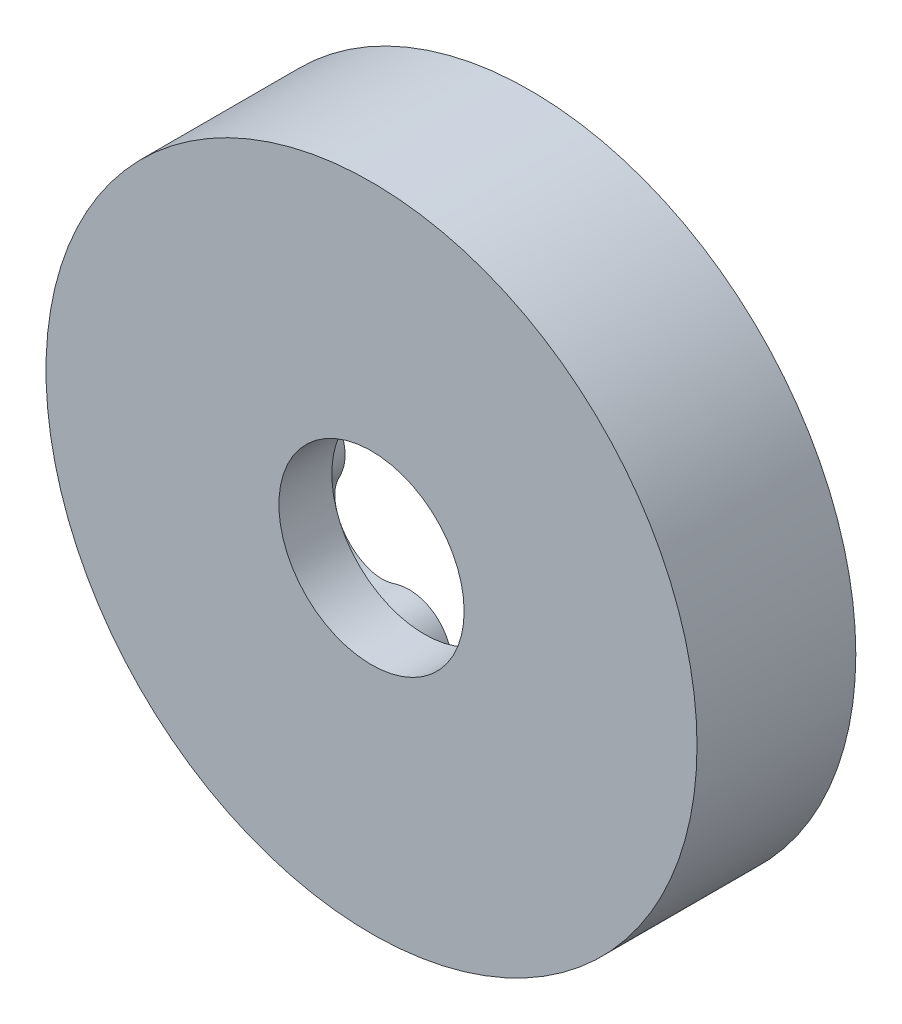
ISO-10303-21;
HEADER;
FILE_DESCRIPTION(('STEP AP214'),'2;1');
FILE_NAME('part.step','',(''),(''),'','','');
FILE_SCHEMA(('AUTOMOTIVE_DESIGN { 1 0 10303 214 1 1 1 1 }'));
ENDSEC;
DATA;
#1=APPLICATION_CONTEXT('core data for automotive mechanical design processes');
#2=APPLICATION_PROTOCOL_DEFINITION('international standard','automotive_design',2000,#1);
#3=PRODUCT_CONTEXT('',#1,'mechanical');
#4=PRODUCT('Part','Part','',(#3));
#5=PRODUCT_RELATED_PRODUCT_CATEGORY('part','',(#4));
#6=PRODUCT_DEFINITION_FORMATION('','',#4);
#7=PRODUCT_DEFINITION_CONTEXT('part definition',#1,'design');
#8=PRODUCT_DEFINITION('design','',#6,#7);
#9=PRODUCT_DEFINITION_SHAPE('','',#8);
#10=(LENGTH_UNIT() NAMED_UNIT(*) SI_UNIT(.MILLI.,.METRE.));
#11=(NAMED_UNIT(*) PLANE_ANGLE_UNIT() SI_UNIT($,.RADIAN.));
#12=(NAMED_UNIT(*) SI_UNIT($,.STERADIAN.) SOLID_ANGLE_UNIT());
#13=UNCERTAINTY_MEASURE_WITH_UNIT(LENGTH_MEASURE(1.E-05),#10,'distance_accuracy_value','');
#14=(GEOMETRIC_REPRESENTATION_CONTEXT(3) GLOBAL_UNCERTAINTY_ASSIGNED_CONTEXT((#13)) GLOBAL_UNIT_ASSIGNED_CONTEXT((#10,
#11,#12)) REPRESENTATION_CONTEXT('',''));
#15=CARTESIAN_POINT('',(0.,0.,0.));
#16=DIRECTION('',(0.,0.,1.));
#17=DIRECTION('',(1.,0.,0.));
#18=AXIS2_PLACEMENT_3D('',#15,#16,#17);
#19=CARTESIAN_POINT('',(0.,0.,0.));
#20=DIRECTION('',(0.,0.,1.));
#21=DIRECTION('',(1.,0.,0.));
#22=AXIS2_PLACEMENT_3D('',#19,#20,#21);
#23=PLANE('',#22);
#24=CARTESIAN_POINT('',(0.,0.,0.));
#25=DIRECTION('',(0.,0.,1.));
#26=DIRECTION('',(1.,0.,0.));
#27=AXIS2_PLACEMENT_3D('',#24,#25,#26);
#28=CIRCLE('',#27,12.3);
#29=CARTESIAN_POINT('',(12.3,0.,0.));
#30=VERTEX_POINT('',#29);
#31=EDGE_CURVE('E11',#30,#30,#28,.T.);
#32=ORIENTED_EDGE('',*,*,#31,.F.);
#33=EDGE_LOOP('',(#32));
#34=FACE_BOUND('',#33,.T.);
#35=CARTESIAN_POINT('',(7.55,0.,0.));
#36=CARTESIAN_POINT('',(7.55000000000027,0.022217466458351,0.));
#37=CARTESIAN_POINT('',(7.55109737708752,0.0666034399524704,0.));
#38=CARTESIAN_POINT('',(7.55603575821352,0.154882157827372,0.));
#39=CARTESIAN_POINT('',(7.56916783899283,0.254768484743971,0.));
#40=CARTESIAN_POINT('',(7.5927854806825,0.374358830288833,0.));
#41=CARTESIAN_POINT('',(7.63179107421422,0.51344008940082,0.));
#42=CARTESIAN_POINT('',(7.69959982716544,0.68617471523545,0.));
#43=CARTESIAN_POINT('',(7.80974701267501,0.886363911281186,0.));
#44=CARTESIAN_POINT('',(7.93834343482286,1.0561194537287,0.));
#45=CARTESIAN_POINT('',(8.0743672383786,1.19947756069296,0.));
#46=CARTESIAN_POINT('',(8.21390626106425,1.33110870091685,0.));
#47=CARTESIAN_POINT('',(8.36346331358419,1.4895036418915,0.));
#48=CARTESIAN_POINT('',(8.52117396998865,1.76029674905826,0.));
#49=CARTESIAN_POINT('',(8.62280091236655,2.12120006036529,0.));
#50=CARTESIAN_POINT('',(8.63998002290779,2.52542727921024,0.));
#51=CARTESIAN_POINT('',(8.57256056481981,2.92522878253747,0.));
#52=CARTESIAN_POINT('',(8.44322684602201,3.27872194255863,0.));
#53=CARTESIAN_POINT('',(8.23679143101039,3.62630702820879,0.));
#54=CARTESIAN_POINT('',(7.95931515564681,3.92599456017719,0.));
#55=CARTESIAN_POINT('',(7.64414612926547,4.13703738101209,0.));
#56=CARTESIAN_POINT('',(7.34433080737036,4.24098140231914,0.));
#57=CARTESIAN_POINT('',(7.11847736507926,4.26175080299851,0.));
#58=CARTESIAN_POINT('',(6.92340982369371,4.27404257216713,0.));
#59=CARTESIAN_POINT('',(6.72949429617699,4.29943333370208,0.));
#60=CARTESIAN_POINT('',(6.4790393779537,4.36132384923424,0.));
#61=CARTESIAN_POINT('',(6.18558438422689,4.49278647484299,0.));
#62=CARTESIAN_POINT('',(5.90099531096105,4.70134332074444,0.));
#63=CARTESIAN_POINT('',(5.65461647568606,4.99496626596589,0.));
#64=CARTESIAN_POINT('',(5.49864635662569,5.31144723524449,0.));
#65=CARTESIAN_POINT('',(5.4201390013435,5.62327233002649,0.));
#66=CARTESIAN_POINT('',(5.40267956639356,5.88066929892235,0.));
#67=CARTESIAN_POINT('',(5.41134800574686,6.07604813655972,0.));
#68=CARTESIAN_POINT('',(5.43311542020648,6.27028613950339,0.));
#69=CARTESIAN_POINT('',(5.45188177508213,6.49631574319122,0.));
#70=CARTESIAN_POINT('',(5.40157719258208,6.8096244453148,0.));
#71=CARTESIAN_POINT('',(5.24847253343536,7.1566549230986,0.));
#72=CARTESIAN_POINT('',(5.0015157096661,7.48195203824925,0.));
#73=CARTESIAN_POINT('',(4.69315520863561,7.74725973604298,0.));
#74=CARTESIAN_POINT('',(4.36274613674722,7.93802150241623,0.));
#75=CARTESIAN_POINT('',(3.97880268030188,8.07241568135727,0.));
#76=CARTESIAN_POINT('',(3.57360870270868,8.12363800618634,0.));
#77=CARTESIAN_POINT('',(3.19651916376383,8.08271529246457,0.));
#78=CARTESIAN_POINT('',(2.90003357687835,7.96962598649736,0.));
#79=CARTESIAN_POINT('',(2.71366937606947,7.84035904656242,0.));
#80=CARTESIAN_POINT('',(2.5563380372269,7.72438890709684,0.));
#81=CARTESIAN_POINT('',(2.39146922258591,7.61919240835861,0.));
#82=CARTESIAN_POINT('',(2.15982718709908,7.50561422338799,0.));
#83=CARTESIAN_POINT('',(1.85052506189385,7.41769106185599,0.));
#84=CARTESIAN_POINT('',(1.49845943392362,7.3945246293179,0.));
#85=CARTESIAN_POINT('',(1.12098510095759,7.4610835387456,0.));
#86=CARTESIAN_POINT('',(0.798075014899017,7.60326640098943,0.));
#87=CARTESIAN_POINT('',(0.537497582558851,7.79167470427317,0.));
#88=CARTESIAN_POINT('',(0.358671298251862,7.97762952874714,0.));
#89=CARTESIAN_POINT('',(0.239724611309845,8.13287035796297,0.));
#90=CARTESIAN_POINT('',(0.131545636907162,8.29565712930166,0.));
#91=CARTESIAN_POINT('',(0.000632469945212832,8.48086862955824,0.));
#92=CARTESIAN_POINT('',(-0.239294027571354,8.68854185875767,0.));
#93=CARTESIAN_POINT('',(-0.579645892302256,8.85596884906921,0.));
#94=CARTESIAN_POINT('',(-0.977922749877955,8.94642011062372,0.));
#95=CARTESIAN_POINT('',(-1.38467709909778,8.95144728852055,0.));
#96=CARTESIAN_POINT('',(-1.76040443237717,8.88519642225764,0.));
#97=CARTESIAN_POINT('',(-2.14090909671924,8.74135423950334,0.));
#98=CARTESIAN_POINT('',(-2.4842307673507,8.52013914851876,0.));
#99=CARTESIAN_POINT('',(-2.74679349992139,8.24640204771912,0.));
#100=CARTESIAN_POINT('',(-2.90122223150353,7.9691933515375,0.));
#101=CARTESIAN_POINT('',(-2.96089430467679,7.75037653148768,0.));
#102=CARTESIAN_POINT('',(-3.00687293361899,7.5604076150508,0.));
#103=CARTESIAN_POINT('',(-3.06555076729845,7.37384679115716,0.));
#104=CARTESIAN_POINT('',(-3.16999221075634,7.13794422226749,0.));
#105=CARTESIAN_POINT('',(-3.3504154670505,6.87177560091305,0.));
#106=CARTESIAN_POINT('',(-3.60522228784321,6.62772565796595,0.));
#107=CARTESIAN_POINT('',(-3.937167647398,6.43607692048254,0.));
#108=CARTESIAN_POINT('',(-4.27592450333094,6.33743270329426,0.));
#109=CARTESIAN_POINT('',(-4.59664492576236,6.31426590279595,0.));
#110=CARTESIAN_POINT('',(-4.85316325468424,6.34176822433256,0.));
#111=CARTESIAN_POINT('',(-5.04406860227897,6.38423217623344,0.));
#112=CARTESIAN_POINT('',(-5.23157579246983,6.43939791211209,0.));
#113=CARTESIAN_POINT('',(-5.45091280943261,6.49712889828531,0.));
#114=CARTESIAN_POINT('',(-5.76819685027559,6.50199385185179,0.));
#115=CARTESIAN_POINT('',(-6.13654166076087,6.41147671768886,0.));
#116=CARTESIAN_POINT('',(-6.49978012509337,6.22475847184648,0.));
#117=CARTESIAN_POINT('',(-6.81460385493834,5.9671536586297,0.));
#118=CARTESIAN_POINT('',(-7.0598417779057,5.67488836434416,0.));
#119=CARTESIAN_POINT('',(-7.25886645404867,5.32011743441555,0.));
#120=CARTESIAN_POINT('',(-7.37966982274836,4.92997010948015,0.));
#121=CARTESIAN_POINT('',(-7.40485279119561,4.55150918979244,0.));
#122=CARTESIAN_POINT('',(-7.34496135370993,4.23988161683878,0.));
#123=CARTESIAN_POINT('',(-7.2500269078284,4.03391498577502,0.));
#124=CARTESIAN_POINT('',(-7.16312462348147,3.85880815844748,0.));
#125=CARTESIAN_POINT('',(-7.08818605319711,3.67823618534094,0.));
#126=CARTESIAN_POINT('',(-7.01650645467254,3.43029150072943,0.));
#127=CARTESIAN_POINT('',(-6.98370366083783,3.11056598882397,0.));
#128=CARTESIAN_POINT('',(-7.02294453567281,2.75014551003197,0.));
#129=CARTESIAN_POINT('',(-7.16387052283851,2.3730552005334,0.));
#130=CARTESIAN_POINT('',(-7.38880714459428,2.05246447300879,0.));
#131=CARTESIAN_POINT('',(-7.67491557585959,1.80488701473581,0.));
#132=CARTESIAN_POINT('',(-7.96175769623171,1.64361375907074,0.));
#133=CARTESIAN_POINT('',(-8.2237943420282,1.54385861169451,0.));
#134=CARTESIAN_POINT('',(-8.43427689913021,1.40817021880368,0.));
#135=CARTESIAN_POINT('',(-8.59255305961644,1.25815337939858,0.));
#136=CARTESIAN_POINT('',(-8.72205328204517,1.09550990603106,0.));
#137=CARTESIAN_POINT('',(-8.82464560083173,0.928393679769974,0.));
#138=CARTESIAN_POINT('',(-8.90628150530056,0.753480861621166,0.));
#139=CARTESIAN_POINT('',(-8.96818608965025,0.584253865795442,0.));
#140=CARTESIAN_POINT('',(-9.01161834121622,0.402056601444345,0.));
#141=CARTESIAN_POINT('',(-9.03849618641081,0.253381349157321,0.));
#142=CARTESIAN_POINT('',(-9.0480108330892,0.0999754638618866,0.));
#143=CARTESIAN_POINT('',(-9.05000000000006,0.0338845457528887,0.));
#144=CARTESIAN_POINT('',(-9.05,0.,0.));
#145=B_SPLINE_CURVE_WITH_KNOTS('',4,(#35,#36,#37,#38,#39,#40,#41,#42,#43,#44,#45,#46,#47,#48,
#49,#50,#51,#52,#53,#54,#55,#56,#57,#58,#59,#60,#61,#62,#63,#64,#65,#66,#67,#68,#69,#70,#71,#72,
#73,#74,#75,#76,#77,#78,#79,#80,#81,#82,#83,#84,#85,#86,#87,#88,#89,#90,#91,#92,#93,#94,#95,#96,
#97,#98,#99,#100,#101,#102,#103,#104,#105,#106,#107,#108,#109,#110,#111,#112,#113,#114,#115,
#116,#117,#118,#119,#120,#121,#122,#123,#124,#125,#126,#127,#128,#129,#130,#131,#132,#133,#134,
#135,#136,#137,#138,#139,#140,#141,#142,#143,#144),.UNSPECIFIED.,.F.,.F.,(5,1,1,1,1,1,1,1,1,1,1,
1,1,1,1,1,1,1,1,1,1,1,1,1,1,1,1,1,1,1,1,1,1,1,1,1,1,1,1,1,1,1,1,1,1,1,1,1,1,1,1,1,1,1,1,1,1,1,1,
1,1,1,1,1,1,1,1,1,1,1,1,1,1,1,1,1,1,1,1,1,1,1,1,1,1,1,1,1,1,1,1,1,1,1,1,1,1,1,1,1,1,1,1,1,1,1,
5),(0.0652033425962136,0.0680905921617996,0.0709778417273857,0.0738650912929718,
0.0767523408585578,0.0819918633429553,0.0872313858273528,0.094866256534403,0.102501127241453,
0.106027866458659,0.109554605675866,0.116608084110278,0.127054156159038,0.141092788851966,
0.151537705238868,0.161982621625769,0.17271143961739,0.183440257609011,0.197050089852305,
0.207783490278052,0.215195934457575,0.218902156547336,0.222608378637098,0.229945232724129,
0.237282086811161,0.248011644951303,0.258761919977337,0.269512195003371,0.280241753143513,
0.287578607230545,0.294915461317577,0.298621683407339,0.3023279054971,0.309740349676624,
0.320473750102371,0.334083582345666,0.344812400337288,0.35554121832891,0.36627003632053,
0.376998854312151,0.390608686555446,0.401342086981192,0.408754531160715,0.412460753250477,
0.416166975340238,0.42350382942727,0.430840683514301,0.441570241654443,0.452320516680474,
0.463070791706508,0.473800349846651,0.481137203933684,0.488474058020716,0.492180280110478,
0.49588650220024,0.503298946379764,0.514032346805512,0.527642179048808,0.538370997040429,
0.54909981503205,0.559828633023671,0.570557451015293,0.584167283258587,0.594900683684334,
0.602313127863857,0.606019349953619,0.609725572043381,0.617062426130412,0.624399280217444,
0.635128838357586,0.645879113383619,0.656629388409653,0.667358946549796,0.674695800636828,
0.682032654723861,0.685738876813622,0.689445098903384,0.696857543082908,0.707590943508655,
0.721200775751951,0.731929593743576,0.7426584117352,0.753387229726826,0.764116047718453,
0.777725879961754,0.788459280387506,0.795871724567033,0.799577946656796,0.80328416874656,
0.810621022833594,0.817957876920628,0.828687435060777,0.839437710086819,0.851255102937441,
0.863061333933954,0.872486064706041,0.881910795478128,0.888312531518343,0.894714267558559,
0.900613035206941,0.906511802855323,0.911736381375932,0.916960959896541,0.92218553841715,
0.927410116937759,0.931813550613258,0.936216984288758),.UNSPECIFIED.);
#146=CARTESIAN_POINT('',(7.55,-1.3359856241198E-11,0.));
#147=VERTEX_POINT('',#146);
#148=CARTESIAN_POINT('',(-9.05,4.34208598569843E-12,0.));
#149=VERTEX_POINT('',#148);
#150=EDGE_CURVE('E55',#147,#149,#145,.T.);
#151=ORIENTED_EDGE('',*,*,#150,.T.);
#152=CARTESIAN_POINT('',(-9.05,4.34208598569843E-12,0.));
#153=CARTESIAN_POINT('',(-9.05000000000009,-0.0338845457485466,0.));
#154=CARTESIAN_POINT('',(-9.0480108330893,-0.0999754638575466,0.));
#155=CARTESIAN_POINT('',(-9.03849618641108,-0.253381349152992,0.));
#156=CARTESIAN_POINT('',(-9.01161834121665,-0.402056601440044,0.));
#157=CARTESIAN_POINT('',(-8.96818608965087,-0.584253865791187,0.));
#158=CARTESIAN_POINT('',(-8.90628150530137,-0.753480861616977,0.));
#159=CARTESIAN_POINT('',(-8.82464560083271,-0.928393679765872,0.));
#160=CARTESIAN_POINT('',(-8.72205328204634,-1.09550990602707,0.));
#161=CARTESIAN_POINT('',(-8.59255305961778,-1.25815337939472,0.));
#162=CARTESIAN_POINT('',(-8.43427689913171,-1.40817021879999,0.));
#163=CARTESIAN_POINT('',(-8.22379434202984,-1.54385861169105,0.));
#164=CARTESIAN_POINT('',(-7.96175769623347,-1.64361375906756,0.));
#165=CARTESIAN_POINT('',(-7.67491557586151,-1.80488701473293,0.));
#166=CARTESIAN_POINT('',(-7.38880714459647,-2.05246447300622,0.));
#167=CARTESIAN_POINT('',(-7.16387052284104,-2.37305520053106,0.));
#168=CARTESIAN_POINT('',(-7.02294453567574,-2.75014551002979,0.));
#169=CARTESIAN_POINT('',(-6.98370366084114,-3.11056598882183,0.));
#170=CARTESIAN_POINT('',(-7.01650645467619,-3.43029150072726,0.));
#171=CARTESIAN_POINT('',(-7.08818605320103,-3.67823618533869,0.));
#172=CARTESIAN_POINT('',(-7.16312462348558,-3.85880815844515,0.));
#173=CARTESIAN_POINT('',(-7.2500269078327,-4.0339149857726,0.));
#174=CARTESIAN_POINT('',(-7.34496135371445,-4.23988161683626,0.));
#175=CARTESIAN_POINT('',(-7.40485279120046,-4.55150918978985,0.));
#176=CARTESIAN_POINT('',(-7.37966982275361,-4.92997010947759,0.));
#177=CARTESIAN_POINT('',(-7.25886645405434,-5.32011743441312,0.));
#178=CARTESIAN_POINT('',(-7.05984177791175,-5.67488836434194,0.));
#179=CARTESIAN_POINT('',(-6.8146038549447,-5.96715365862774,0.));
#180=CARTESIAN_POINT('',(-6.49978012510001,-6.22475847184485,0.));
#181=CARTESIAN_POINT('',(-6.1365416607677,-6.41147671768762,0.));
#182=CARTESIAN_POINT('',(-5.76819685028252,-6.50199385185095,0.));
#183=CARTESIAN_POINT('',(-5.45091280943954,-6.4971288982848,0.));
#184=CARTESIAN_POINT('',(-5.2315757924767,-6.43939791211182,0.));
#185=CARTESIAN_POINT('',(-5.04406860228578,-6.38423217623337,0.));
#186=CARTESIAN_POINT('',(-4.853163254691,-6.34176822433269,0.));
#187=CARTESIAN_POINT('',(-4.59664492576909,-6.31426590279636,0.));
#188=CARTESIAN_POINT('',(-4.27592450333769,-6.33743270329501,0.));
#189=CARTESIAN_POINT('',(-3.93716764740486,-6.43607692048365,0.));
#190=CARTESIAN_POINT('',(-3.60522228785027,-6.62772565796741,0.));
#191=CARTESIAN_POINT('',(-3.35041546705783,-6.87177560091479,0.));
#192=CARTESIAN_POINT('',(-3.16999221076395,-7.13794422226942,0.));
#193=CARTESIAN_POINT('',(-3.06555076730631,-7.3738467911592,0.));
#194=CARTESIAN_POINT('',(-3.00687293362705,-7.5604076150529,0.));
#195=CARTESIAN_POINT('',(-2.96089430468505,-7.75037653148983,0.));
#196=CARTESIAN_POINT('',(-2.90122223151202,-7.96919335153971,0.));
#197=CARTESIAN_POINT('',(-2.74679349993018,-8.2464020477215,0.));
#198=CARTESIAN_POINT('',(-2.48423076735979,-8.52013914852142,0.));
#199=CARTESIAN_POINT('',(-2.14090909672855,-8.74135423950637,0.));
#200=CARTESIAN_POINT('',(-1.76040443238665,-8.88519642226108,0.));
#201=CARTESIAN_POINT('',(-1.38467709910732,-8.95144728852439,0.));
#202=CARTESIAN_POINT('',(-0.977922749887494,-8.94642011062799,0.));
#203=CARTESIAN_POINT('',(-0.579645892311698,-8.8559688490739,0.));
#204=CARTESIAN_POINT('',(-0.239294027580617,-8.68854185876272,0.));
#205=CARTESIAN_POINT('',(0.000632469936170721,-8.48086862956355,0.));
#206=CARTESIAN_POINT('',(0.131545636898317,-8.29565712930711,0.));
#207=CARTESIAN_POINT('',(0.239724611301174,-8.13287035796854,0.));
#208=CARTESIAN_POINT('',(0.358671298243356,-7.97762952875283,0.));
#209=CARTESIAN_POINT('',(0.537497582550544,-7.79167470427905,0.));
#210=CARTESIAN_POINT('',(0.79807501489091,-7.60326640099559,0.));
#211=CARTESIAN_POINT('',(1.12098510094963,-7.4610835387521,0.));
#212=CARTESIAN_POINT('',(1.49845943391574,-7.3945246293248,0.));
#213=CARTESIAN_POINT('',(1.85052506188594,-7.41769106186328,0.));
#214=CARTESIAN_POINT('',(2.15982718709108,-7.5056142233956,0.));
#215=CARTESIAN_POINT('',(2.39146922257779,-7.61919240836647,0.));
#216=CARTESIAN_POINT('',(2.55633803721866,-7.72438890710487,0.));
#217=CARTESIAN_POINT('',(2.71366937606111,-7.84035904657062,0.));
···
Only the lines from the start of the material to the line with "#1=APPLICATION_CONTEXT('core data for", inclusive, belong in the answer, printed exactly and free of pictures.

Answer for the task
ISO-10303-21;
HEADER;
FILE_DESCRIPTION(('STEP AP214'),'2;1');
FILE_NAME('part.step','',(''),(''),'','','');
FILE_SCHEMA(('AUTOMOTIVE_DESIGN { 1 0 10303 214 1 1 1 1 }'));
ENDSEC;
DATA;
#1=APPLICATION_CONTEXT('core data for automotive mechanical design processes');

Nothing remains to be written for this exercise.